I find it horrible. It's not only soul draning and humilliating but ineffective, specially when it's all in the open becuase the wayward wont respect the betrayed ever again.
I'd divroce yesterday. If financialy staying married on paper is better o say stay married but completely detach from him and start you future life since today, including dating.
So... tell him it's done, start the 180, detach, focus in yourser, self care, self love, self improvement. Move on.
Alo, change the locks. It's you house now, he shouldn't come as he pleases nad have sex on top of it, presumably every time ther's a blow between them.

Keep reading post here.


----------



## walkonmars (Aug 21, 2012)

Michzz has very valid points. Not trying to be cruel - as you have endured much cruelty already - but you say that finances are a critical part of your acceptance. That is the mindset of ... .well I won't print it out. 

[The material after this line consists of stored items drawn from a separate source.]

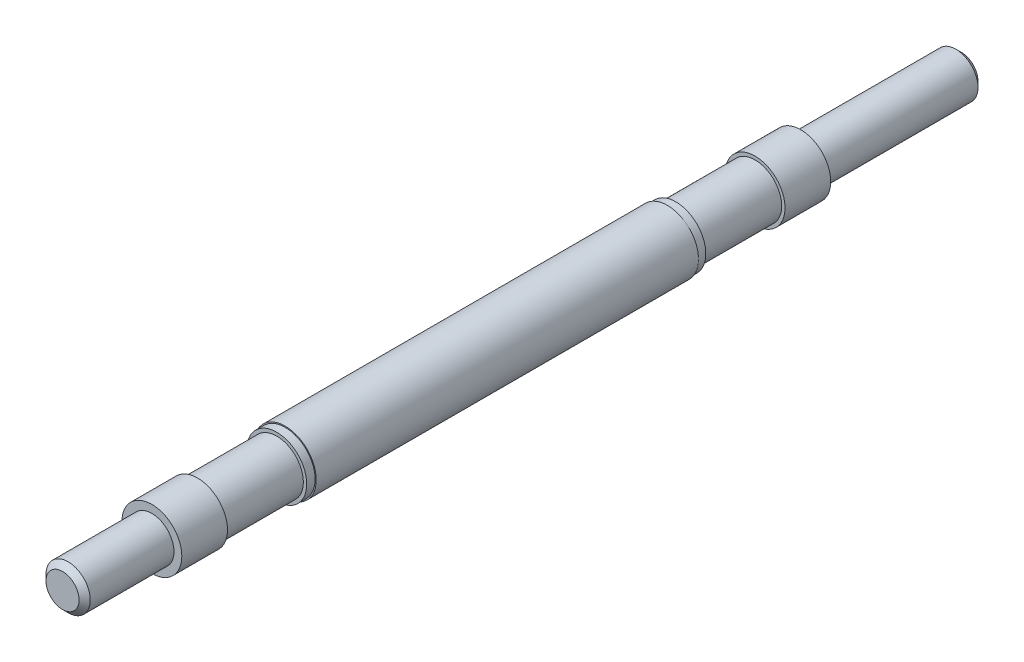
from build123d import *

# Parameters (mm, degrees)
ESQUISSE1_R                   = 11.1
MATIERE_DE_DEPART_DEPTH       = 160.5
ESQUISSE2_R                   = 11.1
ESQUISSE2_R_2                 = 10.7
CHARIOTAGE_D21_40_79_50_DEPTH = 79.5
CHARIOTAGE_START              = -105
ESQUISSE3_R                   = 11.1
ESQUISSE3_R_2                 = 10.7
CHARIOTAGE_D21_40_105_DEPTH   = 105
ESQUISSE4_R                   = 10.7
ESQUISSE4_R_2                 = 7.9
CHARIOTAGE_D15_80_31_90_DEPTH = 31.9
CHARIOTAGE_START_2            = -57.4
ESQUISSE5_R                   = 10.7
ESQUISSE5_R_2                 = 7.9
CHARIOTAGE_D15_80_57_40_DEPTH = 57.4
CHANFREIN_2_45_SIZE           = 2
ESQUISSE6_R                   = 10.7
ESQUISSE6_R_2                 = 9.5
CHARIOTAGE_D19_28_30_DEPTH    = 28.3
CHARIOTAGE_START_3            = -28.3
ESQUISSE7_R                   = 10.7
ESQUISSE7_R_2                 = 9.5
CHARIOTAGE_D19_28_30_2_DEPTH  = 28.3


with BuildPart() as part:
    # Esquisse1 → Matiere de depart (new, symmetric)
    with BuildSketch(Plane.XY):
        Circle(ESQUISSE1_R)
    extrude(amount=MATIERE_DE_DEPART_DEPTH, both=True)

    # Esquisse2 → Chariotage D21.40_79.50 (cut)
    with BuildSketch(Plane.XY.offset(160.5)):
        Circle(ESQUISSE2_R)
        Circle(ESQUISSE2_R_2, mode=Mode.SUBTRACT)
    extrude(amount=-CHARIOTAGE_D21_40_79_50_DEPTH, mode=Mode.SUBTRACT)

    # Esquisse3 → Chariotage D21.40_105 (cut)
    with BuildSketch(Plane(origin=(0, 0, -160.5), x_dir=(-1, 0, 0), z_dir=(0, 0, -1)).offset(CHARIOTAGE_START)):
        Circle(ESQUISSE3_R)
        with Locations(Location((0, 0, 0), (0, 0, 180))):
            Circle(ESQUISSE3_R_2, mode=Mode.SUBTRACT)
    extrude(amount=CHARIOTAGE_D21_40_105_DEPTH, mode=Mode.SUBTRACT)

    # Esquisse4 → Chariotage D15.80_31.90 (cut)
    with BuildSketch(Plane.XY.offset(160.5)):
        Circle(ESQUISSE4_R)
        Circle(ESQUISSE4_R_2, mode=Mode.SUBTRACT)
    extrude(amount=-CHARIOTAGE_D15_80_31_90_DEPTH, mode=Mode.SUBTRACT)

    # Esquisse5 → Chariotage D15.80_57.40 (cut)
    with BuildSketch(Plane(origin=(0, 0, -160.5), x_dir=(-1, 0, 0), z_dir=(0, 0, -1)).offset(CHARIOTAGE_START_2)):
        Circle(ESQUISSE5_R)
        with Locations(Location((0, 0, 0), (0, 0, 180))):
            Circle(ESQUISSE5_R_2, mode=Mode.SUBTRACT)
    extrude(amount=CHARIOTAGE_D15_80_57_40_DEPTH, mode=Mode.SUBTRACT)

    # Chanfrein 2_45
    chanfrein_2_45_edges = [part.edges().sort_by_distance(p)[0] for p in [
        (-7.9, 0, 160.5),
        (-7.9, 0, -160.5),
    ]]
    chamfer(chanfrein_2_45_edges, length=CHANFREIN_2_45_SIZE)

    # Esquisse6 → Chariotage D19_28.30 (cut)
    with BuildSketch(Plane.XY.offset(112.3)):
        Circle(ESQUISSE6_R)
        Circle(ESQUISSE6_R_2, mode=Mode.SUBTRACT)
    extrude(amount=-CHARIOTAGE_D19_28_30_DEPTH, mode=Mode.SUBTRACT)

    # Esquisse7 → Chariotage D19_28.30 2 (cut)
    with BuildSketch(Plane(origin=(0, 0, -86.8), x_dir=(-1, 0, 0), z_dir=(0, 0, -1)).offset(CHARIOTAGE_START_3)):
        Circle(ESQUISSE7_R)
        with Locations(Location((0, 0, 0), (0, 0, 180))):
            Circle(ESQUISSE7_R_2, mode=Mode.SUBTRACT)
    extrude(amount=CHARIOTAGE_D19_28_30_2_DEPTH, mode=Mode.SUBTRACT)


solid = part.part

He, according to you is an avoider. But you are an enabler. He loves to eat cake and you serve it right up. 

Don't feel all alone. There is at least one other person on this board whose husband left her to live with another woman and came home intermittently much as your does. He was away for the better part of two years and is back "permanently" for the last three. She is not happy with the rugsweeping and avoidance stance of her husband. 

Don't you deserve some peace and happiness? Why put up with being a doormat. He has very little respect for you, if any. 

You say you love this man. What's to love? His respect for you and his family? His commitment to the vows he made with you? His gratitude for the life and family you gave him? His honesty and forthrightness in his day-to-day dealings?

Have you seen a counselor? You should. Start with the 180. It's on my sig line below. Click on it, read it and follow it.


----------



## MattMatt (May 19, 2012)

That programme is filled with a high percentage of bovine faecal secretions.

It's a cake eater's charter and is dangerous. Please stop using it.

And please do not have unprotected sex with your husband, at least until has has STD/HIV tests with verified results.


----------